Assigned task: For the data below, give again exactly the lines from the one containing "#15558 = LINE ( 'NONE', #38881, #31417 ) ;" through the one containing "#18113 = CARTESIAN_POINT", both ends included, and no others.

[[ Information shown open ]]

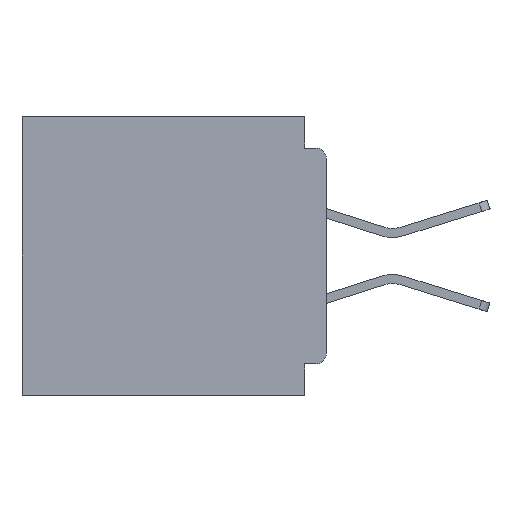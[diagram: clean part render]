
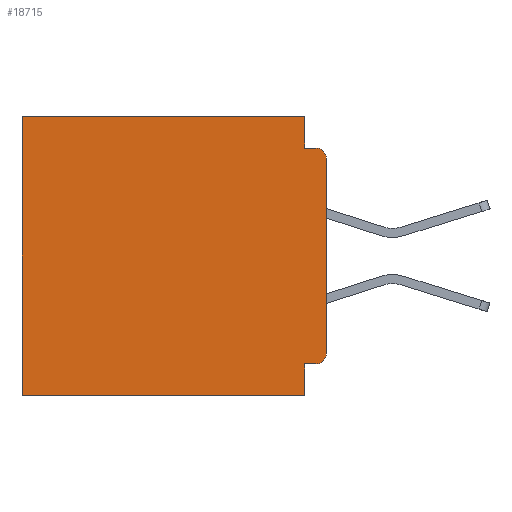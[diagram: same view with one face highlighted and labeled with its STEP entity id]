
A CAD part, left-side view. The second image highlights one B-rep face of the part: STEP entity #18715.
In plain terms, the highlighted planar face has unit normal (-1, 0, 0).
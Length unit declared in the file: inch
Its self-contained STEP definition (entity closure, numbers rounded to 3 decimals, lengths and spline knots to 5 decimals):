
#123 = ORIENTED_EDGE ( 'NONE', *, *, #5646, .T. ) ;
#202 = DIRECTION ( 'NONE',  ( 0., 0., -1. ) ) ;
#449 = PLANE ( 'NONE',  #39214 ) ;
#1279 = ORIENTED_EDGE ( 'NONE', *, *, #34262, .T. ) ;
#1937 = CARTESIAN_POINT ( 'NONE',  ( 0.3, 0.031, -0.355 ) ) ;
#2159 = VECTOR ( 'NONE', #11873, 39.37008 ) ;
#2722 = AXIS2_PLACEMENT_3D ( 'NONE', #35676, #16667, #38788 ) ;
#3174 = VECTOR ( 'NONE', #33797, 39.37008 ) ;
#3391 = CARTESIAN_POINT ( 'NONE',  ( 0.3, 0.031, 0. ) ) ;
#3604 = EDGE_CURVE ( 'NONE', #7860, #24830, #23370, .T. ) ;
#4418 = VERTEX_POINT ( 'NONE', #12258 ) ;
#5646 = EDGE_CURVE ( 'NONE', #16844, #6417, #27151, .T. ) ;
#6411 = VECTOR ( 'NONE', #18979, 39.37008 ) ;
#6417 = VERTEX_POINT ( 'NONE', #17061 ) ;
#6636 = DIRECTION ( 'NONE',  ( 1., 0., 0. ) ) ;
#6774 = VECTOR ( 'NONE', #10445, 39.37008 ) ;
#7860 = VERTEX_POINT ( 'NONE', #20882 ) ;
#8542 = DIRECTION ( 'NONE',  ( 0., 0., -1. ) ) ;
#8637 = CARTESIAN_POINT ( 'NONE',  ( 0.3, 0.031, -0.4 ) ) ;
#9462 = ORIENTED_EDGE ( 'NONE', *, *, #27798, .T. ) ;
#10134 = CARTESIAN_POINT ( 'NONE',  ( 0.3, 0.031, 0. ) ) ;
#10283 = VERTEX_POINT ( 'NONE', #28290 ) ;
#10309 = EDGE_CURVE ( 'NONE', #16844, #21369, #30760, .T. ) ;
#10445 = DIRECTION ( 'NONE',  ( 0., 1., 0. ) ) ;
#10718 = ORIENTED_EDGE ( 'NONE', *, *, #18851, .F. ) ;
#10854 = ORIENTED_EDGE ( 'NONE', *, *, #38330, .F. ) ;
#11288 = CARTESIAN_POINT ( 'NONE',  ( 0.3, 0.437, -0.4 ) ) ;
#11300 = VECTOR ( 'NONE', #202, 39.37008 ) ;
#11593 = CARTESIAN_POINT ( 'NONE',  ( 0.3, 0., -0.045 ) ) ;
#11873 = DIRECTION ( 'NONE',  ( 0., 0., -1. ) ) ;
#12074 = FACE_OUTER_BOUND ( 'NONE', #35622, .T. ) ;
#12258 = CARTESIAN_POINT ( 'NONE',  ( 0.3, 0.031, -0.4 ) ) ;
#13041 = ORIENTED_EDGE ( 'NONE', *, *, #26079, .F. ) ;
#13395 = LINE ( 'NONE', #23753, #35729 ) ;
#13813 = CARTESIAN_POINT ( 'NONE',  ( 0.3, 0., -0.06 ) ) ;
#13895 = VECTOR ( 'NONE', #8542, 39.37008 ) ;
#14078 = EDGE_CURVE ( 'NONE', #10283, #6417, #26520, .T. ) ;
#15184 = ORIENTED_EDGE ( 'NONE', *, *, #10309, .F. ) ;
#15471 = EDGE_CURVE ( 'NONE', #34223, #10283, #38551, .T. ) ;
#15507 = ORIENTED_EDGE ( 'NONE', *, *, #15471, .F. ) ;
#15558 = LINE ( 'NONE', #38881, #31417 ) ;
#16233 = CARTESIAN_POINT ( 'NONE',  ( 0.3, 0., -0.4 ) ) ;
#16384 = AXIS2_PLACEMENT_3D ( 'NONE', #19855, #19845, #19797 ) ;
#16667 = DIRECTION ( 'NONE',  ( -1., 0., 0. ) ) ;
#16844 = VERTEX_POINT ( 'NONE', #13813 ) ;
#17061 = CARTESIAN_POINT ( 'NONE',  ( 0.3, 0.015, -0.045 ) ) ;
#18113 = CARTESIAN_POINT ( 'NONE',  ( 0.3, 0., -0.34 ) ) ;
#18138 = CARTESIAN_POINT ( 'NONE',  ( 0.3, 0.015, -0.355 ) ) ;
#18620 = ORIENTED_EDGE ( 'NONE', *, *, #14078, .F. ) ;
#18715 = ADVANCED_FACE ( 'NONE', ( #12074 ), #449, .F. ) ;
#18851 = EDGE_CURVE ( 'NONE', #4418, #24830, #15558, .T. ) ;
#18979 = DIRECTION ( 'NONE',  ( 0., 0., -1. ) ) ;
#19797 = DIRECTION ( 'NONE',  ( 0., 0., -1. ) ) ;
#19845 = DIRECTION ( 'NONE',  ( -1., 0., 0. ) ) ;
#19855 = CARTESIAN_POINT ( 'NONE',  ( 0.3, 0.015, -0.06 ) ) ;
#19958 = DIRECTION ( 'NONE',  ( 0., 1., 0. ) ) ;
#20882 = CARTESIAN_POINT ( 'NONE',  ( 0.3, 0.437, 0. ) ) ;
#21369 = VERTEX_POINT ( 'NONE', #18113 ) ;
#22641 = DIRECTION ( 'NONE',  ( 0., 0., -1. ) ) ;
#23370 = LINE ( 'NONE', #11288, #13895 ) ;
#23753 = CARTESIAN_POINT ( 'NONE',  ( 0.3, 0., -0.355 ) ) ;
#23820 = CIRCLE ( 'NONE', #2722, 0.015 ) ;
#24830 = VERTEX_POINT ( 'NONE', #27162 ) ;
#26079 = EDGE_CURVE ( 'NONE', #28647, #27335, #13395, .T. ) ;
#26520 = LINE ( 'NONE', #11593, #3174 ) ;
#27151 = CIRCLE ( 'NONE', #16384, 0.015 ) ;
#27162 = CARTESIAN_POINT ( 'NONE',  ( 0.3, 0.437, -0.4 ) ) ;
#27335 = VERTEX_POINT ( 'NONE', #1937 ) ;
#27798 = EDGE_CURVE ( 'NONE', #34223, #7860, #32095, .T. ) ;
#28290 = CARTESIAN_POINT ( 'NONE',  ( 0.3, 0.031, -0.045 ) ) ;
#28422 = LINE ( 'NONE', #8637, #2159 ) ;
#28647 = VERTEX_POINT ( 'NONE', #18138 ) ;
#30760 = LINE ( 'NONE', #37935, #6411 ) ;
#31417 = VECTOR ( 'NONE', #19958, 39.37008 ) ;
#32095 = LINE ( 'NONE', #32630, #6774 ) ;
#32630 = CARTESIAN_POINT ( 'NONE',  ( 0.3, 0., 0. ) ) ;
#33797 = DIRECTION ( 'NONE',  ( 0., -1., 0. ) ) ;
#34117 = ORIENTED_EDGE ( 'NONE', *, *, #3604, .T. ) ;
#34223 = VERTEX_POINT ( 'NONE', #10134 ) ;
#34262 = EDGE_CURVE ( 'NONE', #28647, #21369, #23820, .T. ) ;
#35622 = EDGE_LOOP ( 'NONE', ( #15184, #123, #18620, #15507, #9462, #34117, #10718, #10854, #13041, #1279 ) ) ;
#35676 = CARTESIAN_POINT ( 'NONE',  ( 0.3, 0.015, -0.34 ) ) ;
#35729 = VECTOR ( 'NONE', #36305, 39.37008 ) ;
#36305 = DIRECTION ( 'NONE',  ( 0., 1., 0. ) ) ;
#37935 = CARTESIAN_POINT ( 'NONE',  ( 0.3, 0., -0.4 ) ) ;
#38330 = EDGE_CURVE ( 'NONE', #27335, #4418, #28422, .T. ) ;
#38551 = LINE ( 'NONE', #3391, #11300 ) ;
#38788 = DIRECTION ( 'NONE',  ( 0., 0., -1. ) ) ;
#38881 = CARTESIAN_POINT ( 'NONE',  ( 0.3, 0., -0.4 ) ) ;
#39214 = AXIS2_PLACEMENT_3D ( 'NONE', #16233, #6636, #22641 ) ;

[[ Information shown closed ]]

Answer to this problem:
#15558 = LINE ( 'NONE', #38881, #31417 ) ;
#16233 = CARTESIAN_POINT ( 'NONE',  ( 0.3, 0., -0.4 ) ) ;
#16384 = AXIS2_PLACEMENT_3D ( 'NONE', #19855, #19845, #19797 ) ;
#16667 = DIRECTION ( 'NONE',  ( -1., 0., 0. ) ) ;
#16844 = VERTEX_POINT ( 'NONE', #13813 ) ;
#17061 = CARTESIAN_POINT ( 'NONE',  ( 0.3, 0.015, -0.045 ) ) ;
#18113 = CARTESIAN_POINT ( 'NONE',  ( 0.3, 0., -0.34 ) ) ;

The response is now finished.